Xavier Davies was looking for a clockwork rabbit. It oughtn't to have been difficult to find, given that clockwork toys generally only had twenty or thirty seconds of activity in them before they exhausted their energy and needed to be rewound, and this particular toy had been designed to do only one activity, which was to hop a few inches in the air and a few inches forward, until it wound down. Given that it was malfunctioning in other ways, though, he couldn't really trust that it would wind down, or that it would confine itself to hopping only up or straight forward.

He wasn't really supposed to take things home from work, especially malfunctioning inventions whose patents had been denied, but — well, he had a soft spot for magical objects that no one else wanted, and the inventor in this case seemed to have abandoned it.

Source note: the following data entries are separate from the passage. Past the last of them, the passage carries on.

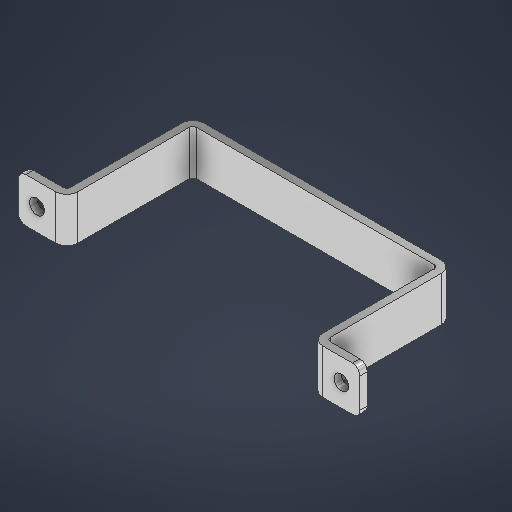
# Autodesk Inventor part: Handle
Saved by Autodesk Inventor 2026.1 (Build 301233000, 233)
## iProperties
Created: 2025-12-10
Part Number: Handle
Material: Generisch
Document SubType Name: Modeling
Designer: Familie
Density: 1 g/cm^3
Appearance: Chrom - poliert
Author: Familie
Autodesk Inventor part; units mm, degrees
ref_plane "YZ Plane" through (0, 0, 0) normal (1, 0, 0) x (0, 1, 0)
ref_plane "XZ Plane" through (0, 0, 0) normal (0, 1, 0) x (-1, 0, 0)
sketch "Skizze1" plane through (0, 0, 0) normal (0, 0, 1) x (1, 0, 0)
  line L0 (12, 2) -> (12, 32)
  line L1 (80, 2) -> (80, 32)
  arc A0 (14, 34) -> (12, 32) centre (14, 32) ccw
  arc A1 (80, 32) -> (78, 34) centre (78, 32) ccw
  line L2 (10, 0) -> (0, 0)
  line L3 (82, 0) -> (92, 0)
  arc A2 (80, 2) -> (82, 0) centre (82, 2) ccw
  arc A3 (10, 0) -> (12, 2) centre (10, 2) ccw
  line L4 (78, 34) -> (14, 34)
  dimension "d1" = 30
  dimension "d2" = 30
  dimension "d3" = 2
  dimension "d7" = 2
  dimension "d29" = 2
  dimension "d30" = 2
  dimension "d31" = 92
  dimension "d32" = 10
  dimension "d33" = 10
  constraints: 10 end point, 8 point on circle, 8 tangent, 4 centre point, 4 horizontal, 1 parallel, 1 vertical
  measures "d1" distance of L0.start L0.end
  measures "d2" distance of L1.start L1.end
  measures "d3" horizontal distance of L4.end L0.end
  measures "d7" horizontal distance of L4.start L1.end
  measures "d29" distance from line of L3.start L1
  measures "d30" distance from line of L2.start L0
  measures "d31" distance of L3.end L2.end
  measures "d32" distance of L3.start L3.end
  measures "d33" distance of L2.end L2.start
ref_plane "Arbeitsebene1" through (0, 0, 0) normal (-1, 0, 0) x (0, -1, 0)
sketch "Skizze2" plane through (0, 0, 0) normal (-1, 0, 0) x (0, -1, 0)
  line L0 (-1, 6) -> (1, 6)
  line L1 (1, 6) -> (1, -6)
  line L2 (1, -6) -> (-1, -6)
  line L3 (-1, -6) -> (-1, 6)
  point P0 (0, 0)
  point P1 (1, 0)
  dimension "d15" = 12
  dimension "d16" = 6
  dimension "d17" = 1
  dimension "d18" = 2
  constraints: 8 end point, 2 parallel, 1 horizontal, 1 midpoint, 1 perpendicular
  measures "d15" distance of L0.end L1.end
  measures "d16" distance from line of point (0, 0) L2
  measures "d17" distance from line of point (0, 0) L1
  measures "d18" distance from line of point (1, 0) L3
sweep "Sweeping1" add profiles "Skizze2" path "Skizze1"
sketch "Skizze4" plane through (0, -1, 6) normal (0, -1, 0) x (1, 0, 0)
  circle A0 centre (5, -6) radius 2
  circle A1 centre (87, -6) radius 2
  line L0 (0, -12) -> (0, 0) projected
  line L1 (92, -12) -> (92, 0) projected
  line L2 (92, 0) -> (82, 0) projected
  point P0 (0, -6)
  dimension "d37" = 4
  dimension "d38" = 4
  dimension "d39" = 5
  dimension "d40" = 5
  dimension "d41" = 6
  constraints: 2 centre point, 1 horizontal alignment
  measures "d37" diameter of A0
  measures "d38" diameter of A1
  measures "d39" distance from line of L0 A0.centre
  measures "d40" distance from line of A1.centre L1
  measures "d41" distance from line of L2 A1.centre
extrude "Extrusion2" cut sketch "Skizze4" against normal blind 4
fillet "Rundung1" radius 2 4 edges at (92, 0, -6) (92, 0, 6) (0, 0, -6) (0, 0, 6)
equation "\"d1\" = d2"
equation "\"d3\" = d4"
equation "\"d7\" = d4"
equation "\"d4\" = 2"
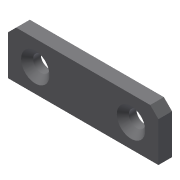
# Autodesk Inventor part: FixedJaw
Saved by Autodesk Inventor 2022 Beta2 (Build 260130000, 130) ContinuousBuild 0
## iProperties
Created: 2011-02-15
Part Number: FixedJaw
Material: Generic
Document SubType Name: Modeling
Designer: landrews
Density: 1 g/cm^3
Appearance: Light Gray
Author: landrews
Autodesk Inventor part; units mm, degrees
ref_plane "YZ Plane" through (0, 0, 0) normal (1, 0, 0) x (0, 1, 0)
ref_plane "XZ Plane" through (0, 0, 0) normal (0, 1, 0) x (-1, 0, 0)
ref_plane "XY Plane" through (0, 0, 0) normal (0, 0, 1) x (1, 0, 0)
sketch "Sketch1" plane through (0, 0, 0) normal (0, 1, 0) x (-1, 0, 0)
  line L0 (-38.5, 0) -> (38.5, 0) projected
  line L1 (27.5, 0) -> (-27.5, 0)
  line L2 (-27.5, 0) -> (-27.5, -17.5)
  line L3 (-27.5, -17.5) -> (27.5, -17.5)
  line L4 (27.5, -17.5) -> (27.5, 0)
  line L5 (0, -21) -> (0, 3.5) projected
  dimension "d8" = 17.5
  dimension "d22" = 55
  constraints: 8 end point, 2 parallel, 1 horizontal, 1 perpendicular, 1 point on line, 1 other
  measures "d8" distance between parallel lines of L3 L0
  measures "d22" distance of L2.end L3.end
extrude "Extrusion1" add sketch "Sketch1" along normal blind 5
sketch "Sketch2" plane through (0, 0, 0) normal (0, -1, 0) x (1, 0, 0)
  line L0 (-27.5, 0) -> (27.5, 0) projected
  line L1 (27.5, 0) -> (27.5, -17.5) projected
  line L2 (-27.5, -17.5) -> (-27.5, 0) projected
  point P0 (17.5, -9)
  point P1 (-17.5, -9)
  dimension "d9" = 9
  dimension "d23" = 10
  dimension "d24" = 10
  constraints: 1 horizontal alignment
  measures "d9" distance from line of L0 point (17.5, -9)
  measures "d23" distance from line of L2 point (-17.5, -9)
  measures "d24" distance from line of L1 point (17.5, -9)
hole "Hole1" at (17.5, 0, -9) at (-17.5, 0, -9) direction (0, 1, 0) diameter 6 end through all countersink diameter 10.4 countersink angle 90
chamfer "Chamfer1" distance 3 angle 45 2 edges at (-27.5, 2.5, 0) (27.5, 2.5, 0)
equation "\"d24\" = d23"
body "Solid1"
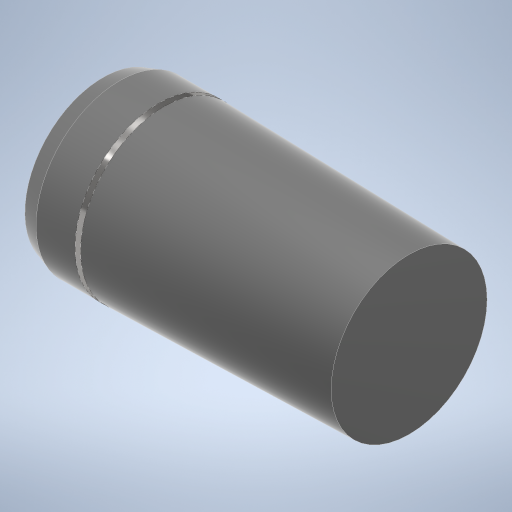
# Autodesk Inventor part: 3.2MEGA-PIXELS-WEBCAMERA
Saved by Autodesk Inventor 2024.1 (Build 281209000, 209)
## iProperties
Created: 2024-02-13
Part Number: 3.2MEGA-PIXELS-WEBCAMERA
Material: アルミニウム 6061
Document SubType Name: Modeling
Designer: haruy
Density: 2.7 g/cm^3
Appearance: アルミニウム - フラット
Author: haruy
Autodesk Inventor part; units mm, degrees
sketch "スケッチ1" plane through (0, 0, 0) normal (1, 0, 0) x (0, 1, 0)
  circle A0 centre (0, 0) radius 15
  point P0 (15, 0)
  dimension "d0" = 30
  constraints: 1 coincident, 1 horizontal alignment, 2 other
ref_plane "作業平面1" through (52, 0, 0) normal (1, 0, 0) x (0, 1, 0)
sketch "スケッチ2" plane through (52, 0, 0) normal (1, 0, 0) x (0, 1, 0)
  circle A0 centre (0, 0) radius 14
  line L0 (-12.3996, 6.5) -> (-12.3996, -6.5)
  dimension "d2" = 28
  dimension "d36" = 13
  constraints: 2 end point, 2 point on circle, 1 centre point, 1 coincident, 1 vertical
  measures "d2" diameter of A0
  measures "d36" distance of L0.start L0.end
ref_plane "作業平面2" through (-3, 0, 0) normal (1, 0, 0) x (0, 1, 0)
sketch "スケッチ3" plane through (-3, 0, 0) normal (1, 0, 0) x (0, 1, 0)
  circle A0 centre (0, 0) radius 14
  dimension "d4" = 28
  constraints: 1 centre point, 1 coincident
  measures "d4" diameter of A0
ref_plane "作業平面3" through (0, 0, 0) normal (0, 0, -1) x (0, 1, 0)
ref_plane "作業平面5" through (8, 0, 0) normal (1, 0, 0) x (0, 1, 0)
ref_plane "作業平面4" through (7, 0, 0) normal (1, 0, 0) x (0, 1, 0)
sketch "スケッチ5" plane through (7, 0, 0) normal (1, 0, 0) x (0, 1, 0)
  circle A0 centre (0, 0) radius 15
  dimension "d20" = 30
  constraints: 1 centre point, 1 coincident
  measures "d20" diameter of A0
sketch "スケッチ6" plane through (8, 0, 0) normal (1, 0, 0) x (0, 1, 0)
  circle A0 centre (0, 0) radius 15
  dimension "d21" = 30
  constraints: 1 centre point, 1 coincident
  measures "d21" diameter of A0
loft "ロフト3" add profiles "スケッチ5", "スケッチ6"
extrude "押し出し1" add sketch "スケッチ1" along normal up to surface (7 mm away) separate body
loft "ロフト4" add profiles "スケッチ3" bodies 2 section 2 edges at (0, -15, 0)
loft "ロフト5" add profiles "スケッチ2" separate body section 2 edges at (8, -15, 0)
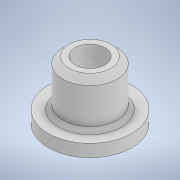
# Autodesk Inventor part: plastic_axis_washer
Saved by Autodesk Inventor 2020 (Build 240168000, 168)
## iProperties
Created: 2020-01-24
Part Number: plastic_axis_washer
Material: Generic
Document SubType Name: Modeling
Designer: erwin
Density: 1 g/cm^3
Appearance: Default
Author: erwin
Autodesk Inventor part; units mm, degrees
ref_plane "YZ Plane" through (0, 0, 0) normal (1, 0, 0) x (0, 1, 0)
ref_plane "XZ Plane" through (0, 0, 0) normal (0, 1, 0) x (-1, 0, 0)
ref_plane "XY Plane" through (0, 0, 0) normal (0, 0, 1) x (1, 0, 0)
sketch "Sketch1" plane through (0, 0, 0) normal (0, 1, 0) x (-1, 0, 0)
  circle A0 centre (0, 0) radius 5
  dimension "d0" = 10
  constraints: 1 centre point, 1 coincident
  measures "d0" diameter of A0
extrude "Extrusion1" add sketch "Sketch1" along normal blind 1
sketch "Sketch2" plane through (0, 1, 0) normal (0, 1, 0) x (1, 0, 0)
  circle A0 centre (0, 0) radius 3.25
  dimension "d3" = 6.5
  constraints: 1 centre point, 1 coincident
  measures "d3" diameter of A0
extrude "Extrusion2" add sketch "Sketch2" along normal blind 5.5
sketch "Sketch3" plane through (0, 6.5, 0) normal (0, 1, 0) x (1, 0, 0)
  circle A0 centre (0, 0) radius 3.25 projected
  constraints: 1 coincident
hole "Hole1" at (0, 6.5, 0) direction (0, -1, 0) diameter 3.6 end through all
chamfer "Chamfer1" distance 0.5 angle 45 2 edges at (-3.25, 6.5, 0) (-3.25, 1, 0)
thicken "Thicken1" operation add thickness 0.5 both sides no extend neighbours yes toward (0, -1, 0) faces at (-3.8805, 0, -0.4712)
chamfer "Chamfer2" distance 1.5 angle 45 1 edges at (0, -0.5, -1.8)
move faces "Move1" translate (0, -0.25, 0) faces at (-1.3863, 6.0833, -2.8471)
body "Solid1"

He'd been planning to add it to his collection at home... who knew, maybe even fix it... but the first step was getting it home, and he hadn't even managed that much. It had been in his satchel a few minutes ago, but it must have fallen out when he'd been bumped by someone in the Diagon Alley crowd. That, or it had climbed out itself, but that spoke to a much higher deviation from its specifications than had been hitherto witnessed, so Xav was working under the assumption that the clockwork rabbit had fallen out by accident rather than it was intentionally and maliciously fleeing the scene.

"Excuse me," he asked the nearest shopper. "Have you, by any chance, been seized with a fit of despair in the past minute or so?"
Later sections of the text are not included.